→ **WHAT IS BEING ASKED**
Text in the records must be reproduced exactly, and pictures must be skipped.

Stored data
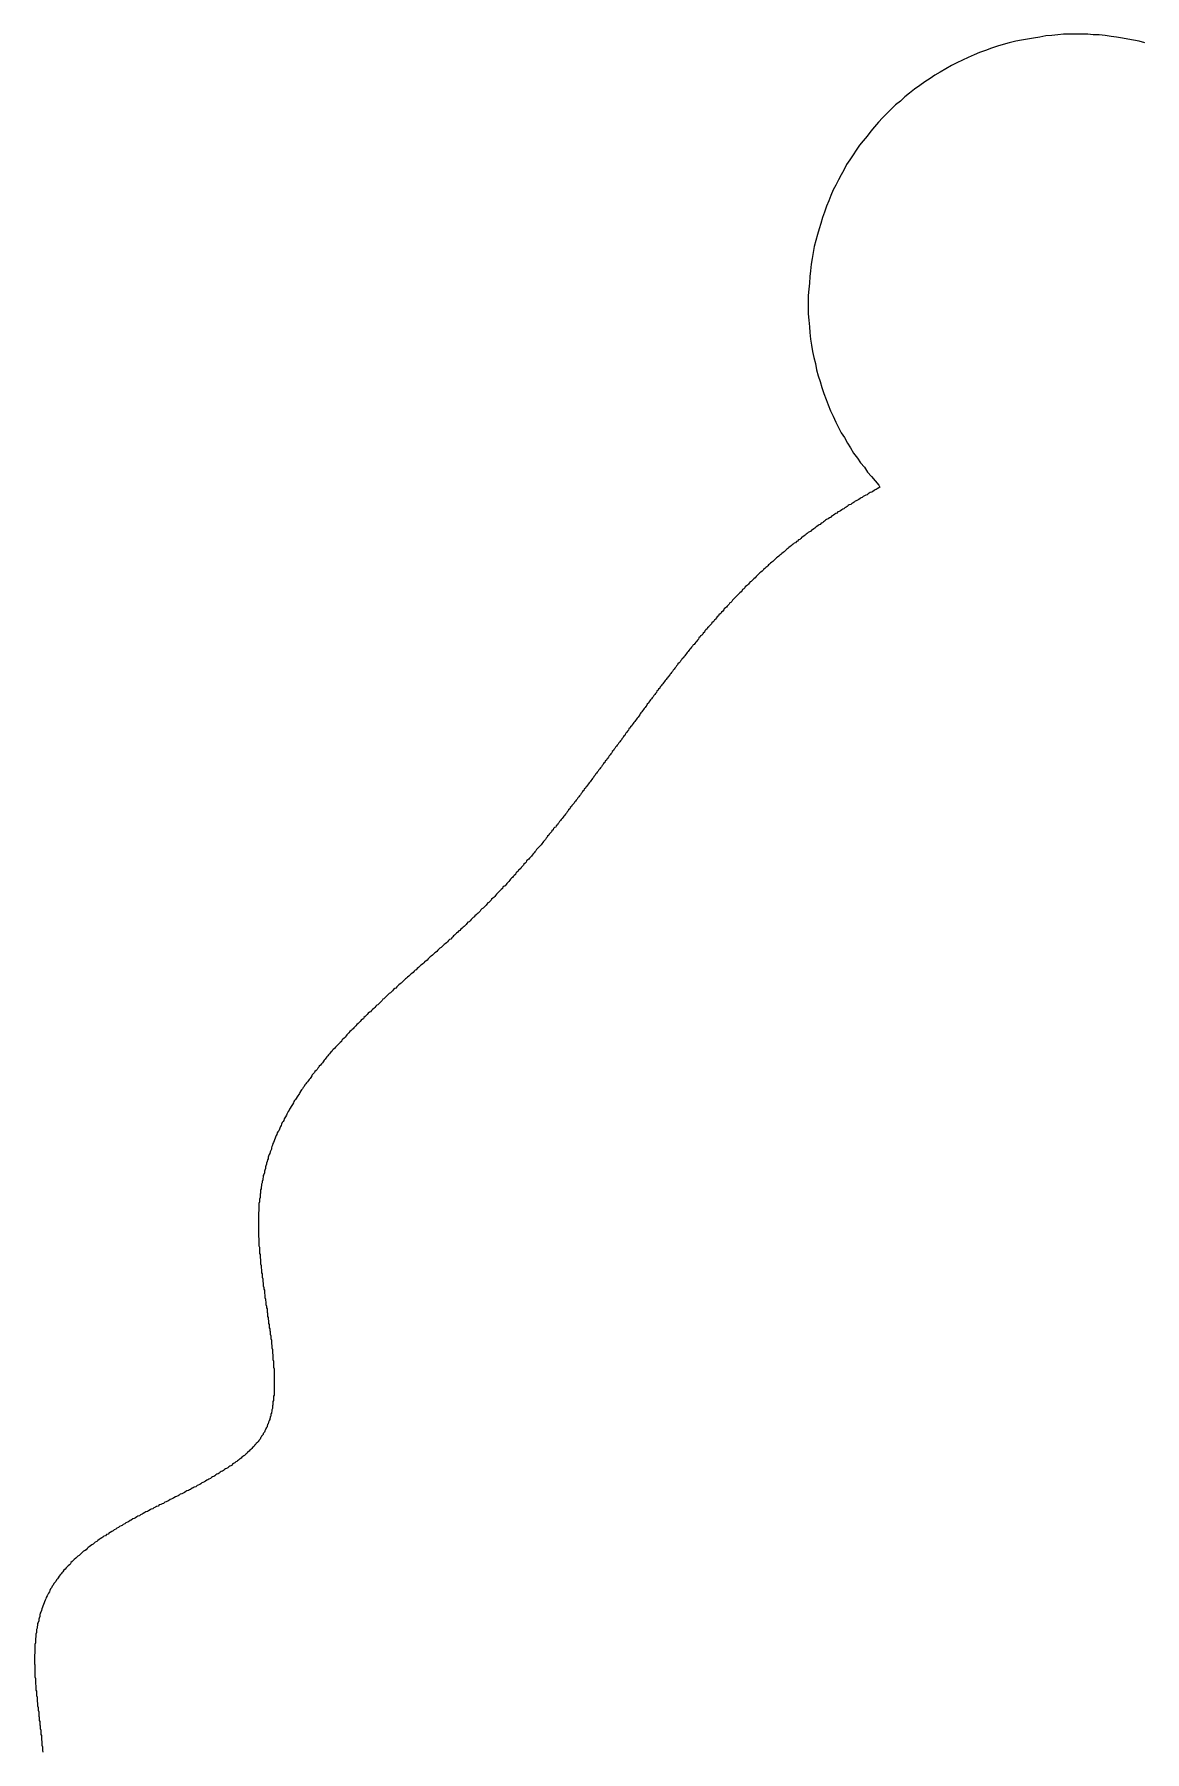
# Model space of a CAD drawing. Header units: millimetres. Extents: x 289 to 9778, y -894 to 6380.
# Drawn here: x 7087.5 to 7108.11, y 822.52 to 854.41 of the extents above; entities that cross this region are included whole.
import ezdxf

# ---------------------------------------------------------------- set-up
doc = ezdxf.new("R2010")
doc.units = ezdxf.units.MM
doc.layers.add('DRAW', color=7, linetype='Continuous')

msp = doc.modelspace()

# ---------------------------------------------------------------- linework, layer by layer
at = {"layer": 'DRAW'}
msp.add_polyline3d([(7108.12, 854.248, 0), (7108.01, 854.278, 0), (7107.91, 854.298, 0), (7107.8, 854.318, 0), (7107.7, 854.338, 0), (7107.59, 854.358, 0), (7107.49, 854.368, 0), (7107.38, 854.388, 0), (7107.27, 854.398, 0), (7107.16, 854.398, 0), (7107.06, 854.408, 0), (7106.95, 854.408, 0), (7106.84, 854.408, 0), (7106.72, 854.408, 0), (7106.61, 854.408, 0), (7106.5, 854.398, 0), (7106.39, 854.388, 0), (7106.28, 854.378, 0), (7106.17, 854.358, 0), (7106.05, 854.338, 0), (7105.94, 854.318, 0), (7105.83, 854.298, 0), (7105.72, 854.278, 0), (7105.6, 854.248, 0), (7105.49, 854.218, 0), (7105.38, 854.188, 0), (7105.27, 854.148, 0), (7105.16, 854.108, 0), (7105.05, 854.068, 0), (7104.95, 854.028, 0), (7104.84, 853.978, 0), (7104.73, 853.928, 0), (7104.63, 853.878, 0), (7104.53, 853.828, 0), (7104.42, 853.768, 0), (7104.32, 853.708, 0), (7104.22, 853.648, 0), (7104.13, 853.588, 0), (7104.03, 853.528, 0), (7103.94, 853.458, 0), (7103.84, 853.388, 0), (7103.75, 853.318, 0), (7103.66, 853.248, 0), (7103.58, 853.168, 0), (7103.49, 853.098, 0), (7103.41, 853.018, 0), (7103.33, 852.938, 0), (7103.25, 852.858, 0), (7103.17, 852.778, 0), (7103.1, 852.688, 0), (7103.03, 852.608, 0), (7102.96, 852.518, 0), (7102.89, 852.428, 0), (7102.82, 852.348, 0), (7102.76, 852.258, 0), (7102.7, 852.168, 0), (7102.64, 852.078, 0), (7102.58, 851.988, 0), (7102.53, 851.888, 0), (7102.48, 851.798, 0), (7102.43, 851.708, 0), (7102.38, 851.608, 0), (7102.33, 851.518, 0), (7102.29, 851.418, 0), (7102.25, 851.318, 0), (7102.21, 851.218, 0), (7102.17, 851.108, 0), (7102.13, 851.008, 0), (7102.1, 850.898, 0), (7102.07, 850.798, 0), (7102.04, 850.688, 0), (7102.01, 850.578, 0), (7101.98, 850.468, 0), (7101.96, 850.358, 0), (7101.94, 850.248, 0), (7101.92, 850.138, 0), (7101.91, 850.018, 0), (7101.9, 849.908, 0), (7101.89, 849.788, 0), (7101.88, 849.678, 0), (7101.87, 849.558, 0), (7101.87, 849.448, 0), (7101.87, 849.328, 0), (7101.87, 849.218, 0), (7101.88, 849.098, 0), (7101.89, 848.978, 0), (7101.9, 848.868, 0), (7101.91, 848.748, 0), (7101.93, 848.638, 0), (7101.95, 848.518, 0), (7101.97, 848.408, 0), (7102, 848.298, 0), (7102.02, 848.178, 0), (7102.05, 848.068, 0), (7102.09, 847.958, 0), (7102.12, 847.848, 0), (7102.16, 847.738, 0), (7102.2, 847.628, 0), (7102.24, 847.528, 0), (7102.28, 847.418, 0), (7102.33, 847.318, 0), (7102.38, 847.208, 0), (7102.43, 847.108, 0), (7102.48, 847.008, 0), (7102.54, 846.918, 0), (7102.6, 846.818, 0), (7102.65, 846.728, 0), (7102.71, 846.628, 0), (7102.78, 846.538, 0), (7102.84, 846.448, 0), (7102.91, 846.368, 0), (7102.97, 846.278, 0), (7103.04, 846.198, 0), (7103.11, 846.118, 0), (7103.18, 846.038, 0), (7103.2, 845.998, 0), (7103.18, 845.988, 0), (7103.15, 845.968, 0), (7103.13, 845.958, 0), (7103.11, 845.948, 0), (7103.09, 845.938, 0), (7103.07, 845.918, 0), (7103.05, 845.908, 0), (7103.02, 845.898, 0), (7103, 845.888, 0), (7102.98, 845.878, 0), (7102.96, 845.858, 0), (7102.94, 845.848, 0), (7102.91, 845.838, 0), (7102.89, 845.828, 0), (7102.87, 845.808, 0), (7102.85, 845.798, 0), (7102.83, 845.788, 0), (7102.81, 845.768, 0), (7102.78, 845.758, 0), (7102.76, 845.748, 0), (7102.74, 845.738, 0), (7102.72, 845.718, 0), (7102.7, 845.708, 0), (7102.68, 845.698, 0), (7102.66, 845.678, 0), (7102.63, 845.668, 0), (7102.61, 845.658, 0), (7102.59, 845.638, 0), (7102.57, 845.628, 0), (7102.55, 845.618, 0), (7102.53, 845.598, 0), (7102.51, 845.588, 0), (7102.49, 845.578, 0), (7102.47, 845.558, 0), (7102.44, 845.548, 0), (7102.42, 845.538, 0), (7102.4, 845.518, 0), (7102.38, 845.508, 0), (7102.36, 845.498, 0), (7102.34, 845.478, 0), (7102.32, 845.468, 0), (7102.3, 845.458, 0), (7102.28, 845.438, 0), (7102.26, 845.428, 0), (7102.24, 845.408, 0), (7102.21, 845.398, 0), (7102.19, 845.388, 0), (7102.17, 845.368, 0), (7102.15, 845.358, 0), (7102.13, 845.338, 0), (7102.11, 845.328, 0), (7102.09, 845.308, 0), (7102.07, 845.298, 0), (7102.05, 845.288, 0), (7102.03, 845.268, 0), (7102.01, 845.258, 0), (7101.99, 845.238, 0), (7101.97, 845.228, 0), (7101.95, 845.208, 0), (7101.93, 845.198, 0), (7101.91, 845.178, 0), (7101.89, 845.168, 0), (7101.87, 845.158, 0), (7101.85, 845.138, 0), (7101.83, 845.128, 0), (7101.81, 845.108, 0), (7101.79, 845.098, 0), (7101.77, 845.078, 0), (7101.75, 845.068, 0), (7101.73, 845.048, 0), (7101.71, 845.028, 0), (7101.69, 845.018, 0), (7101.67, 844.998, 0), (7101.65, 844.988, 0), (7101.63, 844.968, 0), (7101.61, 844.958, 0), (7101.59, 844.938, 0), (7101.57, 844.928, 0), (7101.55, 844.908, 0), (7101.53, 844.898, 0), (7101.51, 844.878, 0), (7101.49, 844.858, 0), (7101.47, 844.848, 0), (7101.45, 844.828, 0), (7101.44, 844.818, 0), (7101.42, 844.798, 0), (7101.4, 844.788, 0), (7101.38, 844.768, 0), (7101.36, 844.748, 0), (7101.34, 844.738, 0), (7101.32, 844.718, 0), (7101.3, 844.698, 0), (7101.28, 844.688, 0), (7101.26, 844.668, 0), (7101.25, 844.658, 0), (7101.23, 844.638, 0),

→ **ANSWER TO THIS EXERCISE**
# Model space of a CAD drawing. Header units: millimetres. Extents: x 289 to 9778, y -894 to 6380.
# Drawn here: x 7087.5 to 7108.11, y 822.52 to 854.41 of the extents above; entities that cross this region are included whole.
import ezdxf

# ---------------------------------------------------------------- set-up
doc = ezdxf.new("R2010")
doc.units = ezdxf.units.MM
doc.layers.add('DRAW', color=7, linetype='Continuous')

msp = doc.modelspace()

# ---------------------------------------------------------------- linework, layer by layer
at = {"layer": 'DRAW'}
msp.add_polyline3d([(7108.12, 854.248, 0), (7108.01, 854.278, 0), (7107.91, 854.298, 0), (7107.8, 854.318, 0), (7107.7, 854.338, 0), (7107.59, 854.358, 0), (7107.49, 854.368, 0), (7107.38, 854.388, 0), (7107.27, 854.398, 0), (7107.16, 854.398, 0), (7107.06, 854.408, 0), (7106.95, 854.408, 0), (7106.84, 854.408, 0), (7106.72, 854.408, 0), (7106.61, 854.408, 0), (7106.5, 854.398, 0), (7106.39, 854.388, 0), (7106.28, 854.378, 0), (7106.17, 854.358, 0), (7106.05, 854.338, 0), (7105.94, 854.318, 0), (7105.83, 854.298, 0), (7105.72, 854.278, 0), (7105.6, 854.248, 0), (7105.49, 854.218, 0), (7105.38, 854.188, 0), (7105.27, 854.148, 0), (7105.16, 854.108, 0), (7105.05, 854.068, 0), (7104.95, 854.028, 0), (7104.84, 853.978, 0), (7104.73, 853.928, 0), (7104.63, 853.878, 0), (7104.53, 853.828, 0), (7104.42, 853.768, 0), (7104.32, 853.708, 0), (7104.22, 853.648, 0), (7104.13, 853.588, 0), (7104.03, 853.528, 0), (7103.94, 853.458, 0), (7103.84, 853.388, 0), (7103.75, 853.318, 0), (7103.66, 853.248, 0), (7103.58, 853.168, 0), (7103.49, 853.098, 0), (7103.41, 853.018, 0), (7103.33, 852.938, 0), (7103.25, 852.858, 0), (7103.17, 852.778, 0), (7103.1, 852.688, 0), (7103.03, 852.608, 0), (7102.96, 852.518, 0), (7102.89, 852.428, 0), (7102.82, 852.348, 0), (7102.76, 852.258, 0), (7102.7, 852.168, 0), (7102.64, 852.078, 0), (7102.58, 851.988, 0), (7102.53, 851.888, 0), (7102.48, 851.798, 0), (7102.43, 851.708, 0), (7102.38, 851.608, 0), (7102.33, 851.518, 0), (7102.29, 851.418, 0), (7102.25, 851.318, 0), (7102.21, 851.218, 0), (7102.17, 851.108, 0), (7102.13, 851.008, 0), (7102.1, 850.898, 0), (7102.07, 850.798, 0), (7102.04, 850.688, 0), (7102.01, 850.578, 0), (7101.98, 850.468, 0), (7101.96, 850.358, 0), (7101.94, 850.248, 0), (7101.92, 850.138, 0), (7101.91, 850.018, 0), (7101.9, 849.908, 0), (7101.89, 849.788, 0), (7101.88, 849.678, 0), (7101.87, 849.558, 0), (7101.87, 849.448, 0), (7101.87, 849.328, 0), (7101.87, 849.218, 0), (7101.88, 849.098, 0), (7101.89, 848.978, 0), (7101.9, 848.868, 0), (7101.91, 848.748, 0), (7101.93, 848.638, 0), (7101.95, 848.518, 0), (7101.97, 848.408, 0), (7102, 848.298, 0), (7102.02, 848.178, 0), (7102.05, 848.068, 0), (7102.09, 847.958, 0), (7102.12, 847.848, 0), (7102.16, 847.738, 0), (7102.2, 847.628, 0), (7102.24, 847.528, 0), (7102.28, 847.418, 0), (7102.33, 847.318, 0), (7102.38, 847.208, 0), (7102.43, 847.108, 0), (7102.48, 847.008, 0), (7102.54, 846.918, 0), (7102.6, 846.818, 0), (7102.65, 846.728, 0), (7102.71, 846.628, 0), (7102.78, 846.538, 0), (7102.84, 846.448, 0), (7102.91, 846.368, 0), (7102.97, 846.278, 0), (7103.04, 846.198, 0), (7103.11, 846.118, 0), (7103.18, 846.038, 0), (7103.2, 845.998, 0), (7103.18, 845.988, 0), (7103.15, 845.968, 0), (7103.13, 845.958, 0), (7103.11, 845.948, 0), (7103.09, 845.938, 0), (7103.07, 845.918, 0), (7103.05, 845.908, 0), (7103.02, 845.898, 0), (7103, 845.888, 0), (7102.98, 845.878, 0), (7102.96, 845.858, 0), (7102.94, 845.848, 0), (7102.91, 845.838, 0), (7102.89, 845.828, 0), (7102.87, 845.808, 0), (7102.85, 845.798, 0), (7102.83, 845.788, 0), (7102.81, 845.768, 0), (7102.78, 845.758, 0), (7102.76, 845.748, 0), (7102.74, 845.738, 0), (7102.72, 845.718, 0), (7102.7, 845.708, 0), (7102.68, 845.698, 0), (7102.66, 845.678, 0), (7102.63, 845.668, 0), (7102.61, 845.658, 0), (7102.59, 845.638, 0), (7102.57, 845.628, 0), (7102.55, 845.618, 0), (7102.53, 845.598, 0), (7102.51, 845.588, 0), (7102.49, 845.578, 0), (7102.47, 845.558, 0), (7102.44, 845.548, 0), (7102.42, 845.538, 0), (7102.4, 845.518, 0), (7102.38, 845.508, 0), (7102.36, 845.498, 0), (7102.34, 845.478, 0), (7102.32, 845.468, 0), (7102.3, 845.458, 0), (7102.28, 845.438, 0), (7102.26, 845.428, 0), (7102.24, 845.408, 0), (7102.21, 845.398, 0), (7102.19, 845.388, 0), (7102.17, 845.368, 0), (7102.15, 845.358, 0), (7102.13, 845.338, 0), (7102.11, 845.328, 0), (7102.09, 845.308, 0), (7102.07, 845.298, 0), (7102.05, 845.288, 0), (7102.03, 845.268, 0), (7102.01, 845.258, 0), (7101.99, 845.238, 0), (7101.97, 845.228, 0), (7101.95, 845.208, 0), (7101.93, 845.198, 0), (7101.91, 845.178, 0), (7101.89, 845.168, 0), (7101.87, 845.158, 0), (7101.85, 845.138, 0), (7101.83, 845.128, 0), (7101.81, 845.108, 0), (7101.79, 845.098, 0), (7101.77, 845.078, 0), (7101.75, 845.068, 0), (7101.73, 845.048, 0), (7101.71, 845.028, 0), (7101.69, 845.018, 0), (7101.67, 844.998, 0), (7101.65, 844.988, 0), (7101.63, 844.968, 0), (7101.61, 844.958, 0), (7101.59, 844.938, 0), (7101.57, 844.928, 0), (7101.55, 844.908, 0), (7101.53, 844.898, 0), (7101.51, 844.878, 0), (7101.49, 844.858, 0), (7101.47, 844.848, 0), (7101.45, 844.828, 0), (7101.44, 844.818, 0), (7101.42, 844.798, 0), (7101.4, 844.788, 0), (7101.38, 844.768, 0), (7101.36, 844.748, 0), (7101.34, 844.738, 0), (7101.32, 844.718, 0), (7101.3, 844.698, 0), (7101.28, 844.688, 0), (7101.26, 844.668, 0), (7101.25, 844.658, 0), (7101.23, 844.638, 0),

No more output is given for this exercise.